BEGIN INFORMATION SUPPLIED

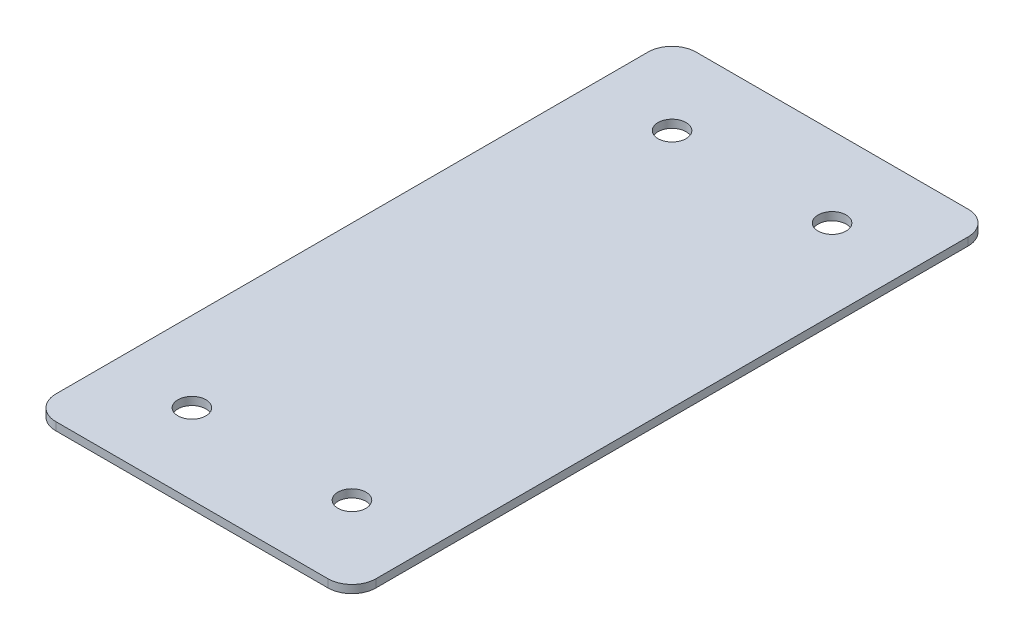
ISO-10303-21;
HEADER;
FILE_DESCRIPTION(('STEP AP214'),'2;1');
FILE_NAME('part.step','',(''),(''),'','','');
FILE_SCHEMA(('AUTOMOTIVE_DESIGN { 1 0 10303 214 1 1 1 1 }'));
ENDSEC;
DATA;
#1=APPLICATION_CONTEXT('core data for automotive mechanical design processes');
#2=APPLICATION_PROTOCOL_DEFINITION('international standard','automotive_design',2000,#1);
#3=PRODUCT_CONTEXT('',#1,'mechanical');
#4=PRODUCT('Part','Part','',(#3));
#5=PRODUCT_RELATED_PRODUCT_CATEGORY('part','',(#4));
#6=PRODUCT_DEFINITION_FORMATION('','',#4);
#7=PRODUCT_DEFINITION_CONTEXT('part definition',#1,'design');
#8=PRODUCT_DEFINITION('design','',#6,#7);
#9=PRODUCT_DEFINITION_SHAPE('','',#8);
#10=(LENGTH_UNIT() NAMED_UNIT(*) SI_UNIT(.MILLI.,.METRE.));
#11=(NAMED_UNIT(*) PLANE_ANGLE_UNIT() SI_UNIT($,.RADIAN.));
#12=(NAMED_UNIT(*) SI_UNIT($,.STERADIAN.) SOLID_ANGLE_UNIT());
#13=UNCERTAINTY_MEASURE_WITH_UNIT(LENGTH_MEASURE(1.E-05),#10,'distance_accuracy_value','');
#14=(GEOMETRIC_REPRESENTATION_CONTEXT(3) GLOBAL_UNCERTAINTY_ASSIGNED_CONTEXT((#13)) GLOBAL_UNIT_ASSIGNED_CONTEXT((#10,
#11,#12)) REPRESENTATION_CONTEXT('',''));
#15=CARTESIAN_POINT('',(0.,0.,0.));
#16=DIRECTION('',(0.,0.,1.));
#17=DIRECTION('',(1.,0.,0.));
#18=AXIS2_PLACEMENT_3D('',#15,#16,#17);
#19=CARTESIAN_POINT('',(0.,1.,0.));
#20=DIRECTION('',(0.,1.,0.));
#21=DIRECTION('',(0.,0.,1.));
#22=AXIS2_PLACEMENT_3D('',#19,#20,#21);
#23=PLANE('',#22);
#24=CARTESIAN_POINT('',(10.2814161229713,1.,30.9206525123638));
#25=DIRECTION('',(0.,1.,0.));
#26=DIRECTION('',(0.,0.,1.));
#27=AXIS2_PLACEMENT_3D('',#24,#25,#26);
#28=CIRCLE('',#27,1.75);
#29=CARTESIAN_POINT('',(10.2814161229713,1.,32.6706525123638));
#30=VERTEX_POINT('',#29);
#31=EDGE_CURVE('E188',#30,#30,#28,.T.);
#32=ORIENTED_EDGE('',*,*,#31,.F.);
#33=EDGE_LOOP('',(#32));
#34=FACE_BOUND('',#33,.T.);
#35=CARTESIAN_POINT('',(-9.71858387702875,1.,-29.0793474876362));
#36=DIRECTION('',(0.,1.,0.));
#37=DIRECTION('',(0.,0.,1.));
#38=AXIS2_PLACEMENT_3D('',#35,#36,#37);
#39=CIRCLE('',#38,1.75);
#40=CARTESIAN_POINT('',(-9.71858387702875,1.,-27.3293474876362));
#41=VERTEX_POINT('',#40);
#42=EDGE_CURVE('E134',#41,#41,#39,.T.);
#43=ORIENTED_EDGE('',*,*,#42,.F.);
#44=EDGE_LOOP('',(#43));
#45=FACE_BOUND('',#44,.T.);
#46=DIRECTION('',(-1.,0.,0.));
#47=VECTOR('',#46,1.);
#48=CARTESIAN_POINT('',(20.2814161229713,1.,-39.0793474876362));
#49=LINE('',#48,#47);
#50=CARTESIAN_POINT('',(17.2814161229713,1.,-39.0793474876362));
#51=VERTEX_POINT('',#50);
#52=CARTESIAN_POINT('',(-16.7185838770287,1.,-39.0793474876362));
#53=VERTEX_POINT('',#52);
#54=EDGE_CURVE('E139',#51,#53,#49,.T.);
#55=ORIENTED_EDGE('',*,*,#54,.T.);
#56=CARTESIAN_POINT('',(-16.7185838770288,1.,-36.0793474876362));
#57=DIRECTION('',(0.,1.,0.));
#58=DIRECTION('',(0.,0.,1.));
#59=AXIS2_PLACEMENT_3D('',#56,#57,#58);
#60=CIRCLE('',#59,3.);
#61=CARTESIAN_POINT('',(-19.7185838770288,1.,-36.0793474876362));
#62=VERTEX_POINT('',#61);
#63=EDGE_CURVE('E154',#53,#62,#60,.T.);
#64=ORIENTED_EDGE('',*,*,#63,.T.);
#65=DIRECTION('',(0.,0.,1.));
#66=VECTOR('',#65,1.);
#67=CARTESIAN_POINT('',(-19.7185838770288,1.,-39.0793474876362));
#68=LINE('',#67,#66);
#69=CARTESIAN_POINT('',(-19.7185838770288,1.,37.9206525123638));
#70=VERTEX_POINT('',#69);
#71=EDGE_CURVE('E121',#62,#70,#68,.T.);
#72=ORIENTED_EDGE('',*,*,#71,.T.);
#73=CARTESIAN_POINT('',(-16.7185838770288,1.,37.9206525123638));
#74=DIRECTION('',(0.,1.,0.));
#75=DIRECTION('',(0.,0.,1.));
#76=AXIS2_PLACEMENT_3D('',#73,#74,#75);
#77=CIRCLE('',#76,3.);
#78=CARTESIAN_POINT('',(-16.7185838770288,1.,40.9206525123638));
#79=VERTEX_POINT('',#78);
#80=EDGE_CURVE('E149',#70,#79,#77,.T.);
#81=ORIENTED_EDGE('',*,*,#80,.T.);
#82=DIRECTION('',(1.,0.,0.));
#83=VECTOR('',#82,1.);
#84=CARTESIAN_POINT('',(-19.7185838770288,1.,40.9206525123638));
#85=LINE('',#84,#83);
#86=CARTESIAN_POINT('',(17.2814161229713,1.,40.9206525123638));
#87=VERTEX_POINT('',#86);
#88=EDGE_CURVE('E165',#79,#87,#85,.T.);
#89=ORIENTED_EDGE('',*,*,#88,.T.);
#90=CARTESIAN_POINT('',(17.2814161229713,1.,37.9206525123638));
#91=DIRECTION('',(0.,1.,0.));
#92=DIRECTION('',(0.,0.,1.));
#93=AXIS2_PLACEMENT_3D('',#90,#91,#92);
#94=CIRCLE('',#93,3.);
#95=CARTESIAN_POINT('',(20.2814161229713,1.,37.9206525123638));
#96=VERTEX_POINT('',#95);
#97=EDGE_CURVE('E57',#87,#96,#94,.T.);
#98=ORIENTED_EDGE('',*,*,#97,.T.);
#99=DIRECTION('',(0.,0.,-1.));
#100=VECTOR('',#99,1.);
#101=CARTESIAN_POINT('',(20.2814161229713,1.,40.9206525123638));
#102=LINE('',#101,#100);
#103=CARTESIAN_POINT('',(20.2814161229713,1.,-36.0793474876362));
#104=VERTEX_POINT('',#103);
#105=EDGE_CURVE('E140',#96,#104,#102,.T.);
#106=ORIENTED_EDGE('',*,*,#105,.T.);
#107=CARTESIAN_POINT('',(17.2814161229713,1.,-36.0793474876362));
#108=DIRECTION('',(0.,1.,0.));
#109=DIRECTION('',(0.,0.,1.));
#110=AXIS2_PLACEMENT_3D('',#107,#108,#109);
#111=CIRCLE('',#110,3.);
#112=EDGE_CURVE('E152',#104,#51,#111,.T.);
#113=ORIENTED_EDGE('',*,*,#112,.T.);
#114=EDGE_LOOP('',(#55,#64,#72,#81,#89,#98,#106,#113));
#115=FACE_BOUND('',#114,.T.);
#116=CARTESIAN_POINT('',(10.2814161229713,1.,-29.0793474876362));
#117=DIRECTION('',(0.,1.,0.));
#118=DIRECTION('',(0.,0.,-1.));
#119=AXIS2_PLACEMENT_3D('',#116,#117,#118);
#120=CIRCLE('',#119,1.75);
#121=CARTESIAN_POINT('',(10.2814161229713,1.,-30.8293474876362));
#122=VERTEX_POINT('',#121);
#123=EDGE_CURVE('E182',#122,#122,#120,.T.);
#124=ORIENTED_EDGE('',*,*,#123,.F.);
#125=EDGE_LOOP('',(#124));
#126=FACE_BOUND('',#125,.T.);
#127=CARTESIAN_POINT('',(-9.71858387702875,1.,30.9206525123638));
#128=DIRECTION('',(0.,1.,0.));
#129=DIRECTION('',(0.,0.,-1.));
#130=AXIS2_PLACEMENT_3D('',#127,#128,#129);
#131=CIRCLE('',#130,1.75);
#132=CARTESIAN_POINT('',(-9.71858387702875,1.,29.1706525123638));
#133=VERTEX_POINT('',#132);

END INFORMATION SUPPLIED

**REQUIRED ACTION**
Your response must consist of the lines from the beginning of the data through the line containing "#10=(LENGTH_UNIT() NAMED_UNIT(*) SI_UNIT(.MILLI.,.METRE.));", transcribed exactly, with no pictures.

**PROBLEM SOLUTION**
ISO-10303-21;
HEADER;
FILE_DESCRIPTION(('STEP AP214'),'2;1');
FILE_NAME('part.step','',(''),(''),'','','');
FILE_SCHEMA(('AUTOMOTIVE_DESIGN { 1 0 10303 214 1 1 1 1 }'));
ENDSEC;
DATA;
#1=APPLICATION_CONTEXT('core data for automotive mechanical design processes');
#2=APPLICATION_PROTOCOL_DEFINITION('international standard','automotive_design',2000,#1);
#3=PRODUCT_CONTEXT('',#1,'mechanical');
#4=PRODUCT('Part','Part','',(#3));
#5=PRODUCT_RELATED_PRODUCT_CATEGORY('part','',(#4));
#6=PRODUCT_DEFINITION_FORMATION('','',#4);
#7=PRODUCT_DEFINITION_CONTEXT('part definition',#1,'design');
#8=PRODUCT_DEFINITION('design','',#6,#7);
#9=PRODUCT_DEFINITION_SHAPE('','',#8);
#10=(LENGTH_UNIT() NAMED_UNIT(*) SI_UNIT(.MILLI.,.METRE.));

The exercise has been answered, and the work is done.